Mum güvesinin yaşam döngüsünü bilmeden başarılı arıcılık yapmak artık mümkün değil.
Mum artık günümüzde bir güveye emanet edilmeyecek kadar çok değerli.
O halde işi gücü bıraktık nedir bu mum güvesi diye bir hayli bilimsel doküman karıştırdık.
Özetlemeye çalıştıkça ne kadar bilmediğimiz unsurlar olduğunun farkına vardık…
Düşmanı tanıdıktan sonrası çok basit.
Haydi bakalım, sonunda ceviz yaprağı koydum, hiç güve olmadı diyebilecek miyiz?
Aslında pek fark etmesek bile biz arıcıları etkileyen 2 çeşit mum güvesi var.
Bunlardan bir tanesi ve bize büyük zararlar veren Büyük Mum Güvesi (Galleria Mellonella) ve diğeri daha küçük olan (Achroia Grisella) Küçük Mum Güvesidir.

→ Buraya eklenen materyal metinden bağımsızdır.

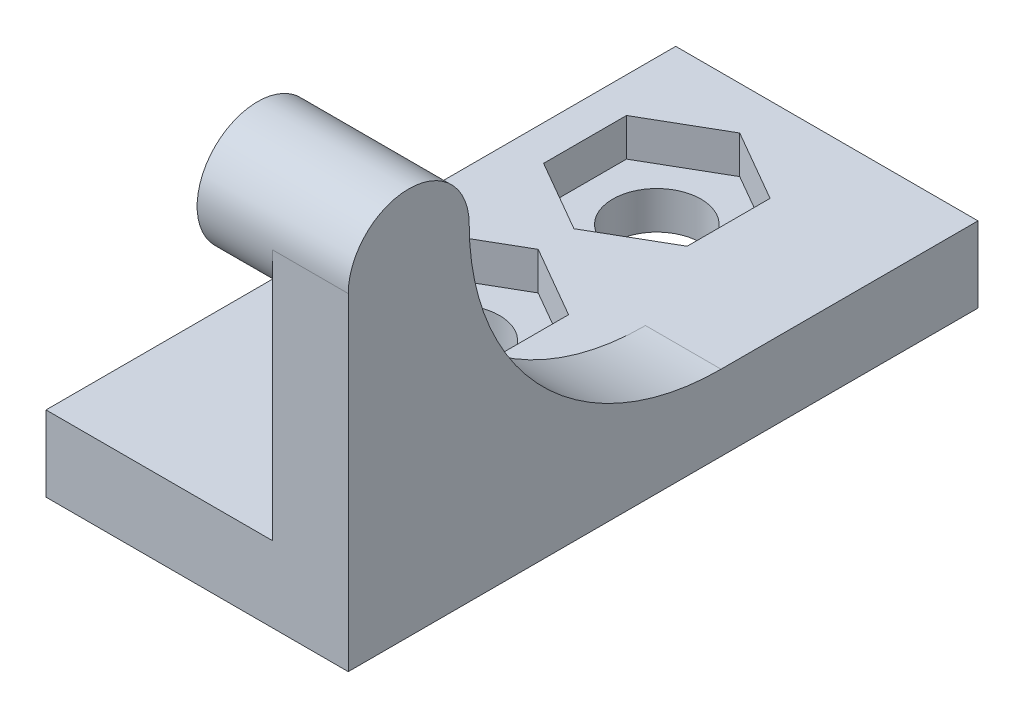
ISO-10303-21;
HEADER;
FILE_DESCRIPTION(('STEP AP214'),'2;1');
FILE_NAME('part.step','',(''),(''),'','','');
FILE_SCHEMA(('AUTOMOTIVE_DESIGN { 1 0 10303 214 1 1 1 1 }'));
ENDSEC;
DATA;
#1=APPLICATION_CONTEXT('core data for automotive mechanical design processes');
#2=APPLICATION_PROTOCOL_DEFINITION('international standard','automotive_design',2000,#1);
#3=PRODUCT_CONTEXT('',#1,'mechanical');
#4=PRODUCT('Part','Part','',(#3));
#5=PRODUCT_RELATED_PRODUCT_CATEGORY('part','',(#4));
#6=PRODUCT_DEFINITION_FORMATION('','',#4);
#7=PRODUCT_DEFINITION_CONTEXT('part definition',#1,'design');
#8=PRODUCT_DEFINITION('design','',#6,#7);
#9=PRODUCT_DEFINITION_SHAPE('','',#8);
#10=(LENGTH_UNIT() NAMED_UNIT(*) SI_UNIT(.MILLI.,.METRE.));
#11=(NAMED_UNIT(*) PLANE_ANGLE_UNIT() SI_UNIT($,.RADIAN.));
#12=(NAMED_UNIT(*) SI_UNIT($,.STERADIAN.) SOLID_ANGLE_UNIT());
#13=UNCERTAINTY_MEASURE_WITH_UNIT(LENGTH_MEASURE(1.E-05),#10,'distance_accuracy_value','');
#14=(GEOMETRIC_REPRESENTATION_CONTEXT(3) GLOBAL_UNCERTAINTY_ASSIGNED_CONTEXT((#13)) GLOBAL_UNIT_ASSIGNED_CONTEXT((#10,
#11,#12)) REPRESENTATION_CONTEXT('',''));
#15=CARTESIAN_POINT('',(0.,0.,0.));
#16=DIRECTION('',(0.,0.,1.));
#17=DIRECTION('',(1.,0.,0.));
#18=AXIS2_PLACEMENT_3D('',#15,#16,#17);
#19=CARTESIAN_POINT('',(3.,0.,0.));
#20=DIRECTION('',(-1.,0.,0.));
#21=DIRECTION('',(0.,0.,1.));
#22=AXIS2_PLACEMENT_3D('',#19,#20,#21);
#23=CYLINDRICAL_SURFACE('',#22,2.4);
#24=CARTESIAN_POINT('',(3.,0.,0.));
#25=DIRECTION('',(1.,0.,0.));
#26=DIRECTION('',(0.,0.,-1.));
#27=AXIS2_PLACEMENT_3D('',#24,#25,#26);
#28=CIRCLE('',#27,2.4);
#29=CARTESIAN_POINT('',(3.,0.,2.4));
#30=VERTEX_POINT('',#29);
#31=CARTESIAN_POINT('',(3.,0.,-2.4));
#32=VERTEX_POINT('',#31);
#33=EDGE_CURVE('E324',#30,#32,#28,.T.);
#34=ORIENTED_EDGE('',*,*,#33,.F.);
#35=DIRECTION('',(-1.,0.,0.));
#36=VECTOR('',#35,1.);
#37=CARTESIAN_POINT('',(6.,0.,2.4));
#38=LINE('',#37,#36);
#39=CARTESIAN_POINT('',(6.,0.,2.4));
#40=VERTEX_POINT('',#39);
#41=EDGE_CURVE('E320',#40,#30,#38,.T.);
#42=ORIENTED_EDGE('',*,*,#41,.F.);
#43=CARTESIAN_POINT('',(6.,0.,0.));
#44=DIRECTION('',(1.,0.,0.));
#45=DIRECTION('',(0.,0.,1.));
#46=AXIS2_PLACEMENT_3D('',#43,#44,#45);
#47=CIRCLE('',#46,2.4);
#48=CARTESIAN_POINT('',(6.,0.,-2.4));
#49=VERTEX_POINT('',#48);
#50=EDGE_CURVE('E309',#49,#40,#47,.T.);
#51=ORIENTED_EDGE('',*,*,#50,.F.);
#52=DIRECTION('',(-1.,0.,0.));
#53=VECTOR('',#52,1.);
#54=CARTESIAN_POINT('',(6.,0.,-2.4));
#55=LINE('',#54,#53);
#56=EDGE_CURVE('E314',#49,#32,#55,.T.);
#57=ORIENTED_EDGE('',*,*,#56,.T.);
#58=EDGE_LOOP('',(#34,#42,#51,#57));
#59=FACE_BOUND('',#58,.T.);
#60=CARTESIAN_POINT('',(0.,0.,0.));
#61=DIRECTION('',(1.,0.,0.));
#62=DIRECTION('',(0.,0.,-1.));
#63=AXIS2_PLACEMENT_3D('',#60,#61,#62);
#64=CIRCLE('',#63,2.4);
#65=CARTESIAN_POINT('',(0.,0.,-2.4));
#66=VERTEX_POINT('',#65);
#67=EDGE_CURVE('E323',#66,#66,#64,.T.);
#68=ORIENTED_EDGE('',*,*,#67,.T.);
#69=EDGE_LOOP('',(#68));
#70=FACE_BOUND('',#69,.T.);
#71=ADVANCED_FACE('F38',(#59,#70),#23,.T.);
#72=CARTESIAN_POINT('',(0.,0.,0.));
#73=DIRECTION('',(1.,0.,0.));
#74=DIRECTION('',(0.,0.,-1.));
#75=AXIS2_PLACEMENT_3D('',#72,#73,#74);
#76=PLANE('',#75);
#77=ORIENTED_EDGE('',*,*,#67,.F.);
#78=EDGE_LOOP('',(#77));
#79=FACE_BOUND('',#78,.T.);
#80=ADVANCED_FACE('F376',(#79),#76,.F.);
#81=CARTESIAN_POINT('',(6.,0.,2.4));
#82=DIRECTION('',(0.,0.,-1.));
#83=DIRECTION('',(0.,1.,0.));
#84=AXIS2_PLACEMENT_3D('',#81,#82,#83);
#85=PLANE('',#84);
#86=DIRECTION('',(0.,-1.,0.));
#87=VECTOR('',#86,1.);
#88=CARTESIAN_POINT('',(3.,0.,2.4));
#89=LINE('',#88,#87);
#90=CARTESIAN_POINT('',(3.,-10.,2.4));
#91=VERTEX_POINT('',#90);
#92=EDGE_CURVE('E308',#30,#91,#89,.T.);
#93=ORIENTED_EDGE('',*,*,#92,.T.);
#94=DIRECTION('',(-1.,0.,0.));
#95=VECTOR('',#94,1.);
#96=CARTESIAN_POINT('',(6.,-10.,2.4));
#97=LINE('',#96,#95);
#98=CARTESIAN_POINT('',(-6.,-10.,2.4));
#99=VERTEX_POINT('',#98);
#100=EDGE_CURVE('E295',#91,#99,#97,.T.);
#101=ORIENTED_EDGE('',*,*,#100,.T.);
#102=DIRECTION('',(0.,1.,0.));
#103=VECTOR('',#102,1.);
#104=CARTESIAN_POINT('',(-6.,-13.,2.4));
#105=LINE('',#104,#103);
#106=CARTESIAN_POINT('',(-6.,-13.,2.4));
#107=VERTEX_POINT('',#106);
#108=EDGE_CURVE('E305',#107,#99,#105,.T.);
#109=ORIENTED_EDGE('',*,*,#108,.F.);
#110=DIRECTION('',(-1.,0.,0.));
#111=VECTOR('',#110,1.);
#112=CARTESIAN_POINT('',(6.,-13.,2.4));
#113=LINE('',#112,#111);
#114=CARTESIAN_POINT('',(6.,-13.,2.4));
#115=VERTEX_POINT('',#114);
#116=EDGE_CURVE('E286',#115,#107,#113,.T.);
#117=ORIENTED_EDGE('',*,*,#116,.F.);
#118=DIRECTION('',(0.,-1.,0.));
#119=VECTOR('',#118,1.);
#120=CARTESIAN_POINT('',(6.,0.,2.4));
#121=LINE('',#120,#119);
#122=EDGE_CURVE('E312',#40,#115,#121,.T.);
#123=ORIENTED_EDGE('',*,*,#122,.F.);
#124=ORIENTED_EDGE('',*,*,#41,.T.);
#125=EDGE_LOOP('',(#93,#101,#109,#117,#123,#124));
#126=FACE_BOUND('',#125,.T.);
#127=ADVANCED_FACE('F346',(#126),#85,.F.);
#128=CARTESIAN_POINT('',(6.,0.,0.));
#129=DIRECTION('',(-1.,0.,0.));
#130=DIRECTION('',(0.,0.,1.));
#131=AXIS2_PLACEMENT_3D('',#128,#129,#130);
#132=PLANE('',#131);
#133=ORIENTED_EDGE('',*,*,#50,.T.);
#134=ORIENTED_EDGE('',*,*,#122,.T.);
#135=DIRECTION('',(0.,0.,1.));
#136=VECTOR('',#135,1.);
#137=CARTESIAN_POINT('',(6.,-13.,2.4));
#138=LINE('',#137,#136);
#139=CARTESIAN_POINT('',(6.,-13.,-22.6));
#140=VERTEX_POINT('',#139);
#141=EDGE_CURVE('E283',#140,#115,#138,.T.);
#142=ORIENTED_EDGE('',*,*,#141,.F.);
#143=DIRECTION('',(0.,1.,0.));
#144=VECTOR('',#143,1.);
#145=CARTESIAN_POINT('',(6.,-13.,-22.6));
#146=LINE('',#145,#144);
#147=CARTESIAN_POINT('',(6.,-10.,-22.6));
#148=VERTEX_POINT('',#147);
#149=EDGE_CURVE('E293',#140,#148,#146,.T.);
#150=ORIENTED_EDGE('',*,*,#149,.T.);
#151=DIRECTION('',(0.,0.,1.));
#152=VECTOR('',#151,1.);
#153=CARTESIAN_POINT('',(6.,-10.,2.4));
#154=LINE('',#153,#152);
#155=CARTESIAN_POINT('',(6.,-10.,-12.4));
#156=VERTEX_POINT('',#155);
#157=EDGE_CURVE('E282',#148,#156,#154,.T.);
#158=ORIENTED_EDGE('',*,*,#157,.T.);
#159=CARTESIAN_POINT('',(6.,0.,-12.4));
#160=DIRECTION('',(-1.,0.,0.));
#161=DIRECTION('',(0.,0.,1.));
#162=AXIS2_PLACEMENT_3D('',#159,#160,#161);
#163=CIRCLE('',#162,10.);
#164=EDGE_CURVE('E11',#156,#49,#163,.T.);
#165=ORIENTED_EDGE('',*,*,#164,.T.);
#166=EDGE_LOOP('',(#133,#134,#142,#150,#158,#165));
#167=FACE_BOUND('',#166,.T.);
#168=ADVANCED_FACE('F341',(#167),#132,.F.);
#169=CARTESIAN_POINT('',(3.,0.,0.));
#170=DIRECTION('',(-1.,0.,0.));
#171=DIRECTION('',(0.,0.,1.));
#172=AXIS2_PLACEMENT_3D('',#169,#170,#171);
#173=PLANE('',#172);
#174=ORIENTED_EDGE('',*,*,#92,.F.);
#175=ORIENTED_EDGE('',*,*,#33,.T.);
#176=CARTESIAN_POINT('',(3.,0.,-12.4));
#177=DIRECTION('',(-1.,0.,0.));
#178=DIRECTION('',(0.,0.,1.));
#179=AXIS2_PLACEMENT_3D('',#176,#177,#178);
#180=CIRCLE('',#179,10.);
#181=CARTESIAN_POINT('',(3.,-10.,-12.4));
#182=VERTEX_POINT('',#181);
#183=EDGE_CURVE('E46',#32,#182,#180,.F.);
#184=ORIENTED_EDGE('',*,*,#183,.T.);
#185=DIRECTION('',(0.,0.,-1.));
#186=VECTOR('',#185,1.);
#187=CARTESIAN_POINT('',(3.,-10.,2.4));
#188=LINE('',#187,#186);
#189=EDGE_CURVE('E53',#91,#182,#188,.T.);
#190=ORIENTED_EDGE('',*,*,#189,.F.);
#191=EDGE_LOOP('',(#174,#175,#184,#190));
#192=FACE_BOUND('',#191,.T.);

Büyük Mum Güvesi 1758 yılında, Küçük Mum Güvesi 1794 yılında tanımlanmış.
İlk ben buldum, patladı gitti denmesin diye bu tarihleri de bilmek lazım.
Güvenin ergini yani kelebek görünümlü olanları, yaşamını gündüz şartlarında arazide çalılıklarda, kovan altlarında, kovan üst kapakları altında yani karanlıkta geçiriyor ve akşamüstü hareketlenerek, geceleri daha aktif halde bulunuyor.
Ergin güve kelebeklerinin dişi ve erkekleri doğumlarından sonraki ilk 24 saatten itibaren akşam saatlerinde çiftleşiyorlar.
Yumurtalarını bırakmak üzere akşam saatlerinde uçuşmalara başlıyor ve özellikle zayıf kovanlara giriyorlar. Çiftleşmeden 1-2 gün sonra yumurtlamaya başlayan dişiler, yumurtalarını 20 ile 100 yumurtalık diziler halinde kovan içindeki çatlaklara, arıların ulaşamadığı boşluklara, petek çerçeveleri ile kovan duvarı arasına ve peteklere bırakıyorlar.
Dişi kelebekler 14 günlük ortalama yaşamları esnasında maksimum 1800 kadar yumurta yumurtlayabilirken, yumurta ortalamaları 280 civarındadır. Erkek kelebeklerin ömürleri ise 22 gün civarındadır.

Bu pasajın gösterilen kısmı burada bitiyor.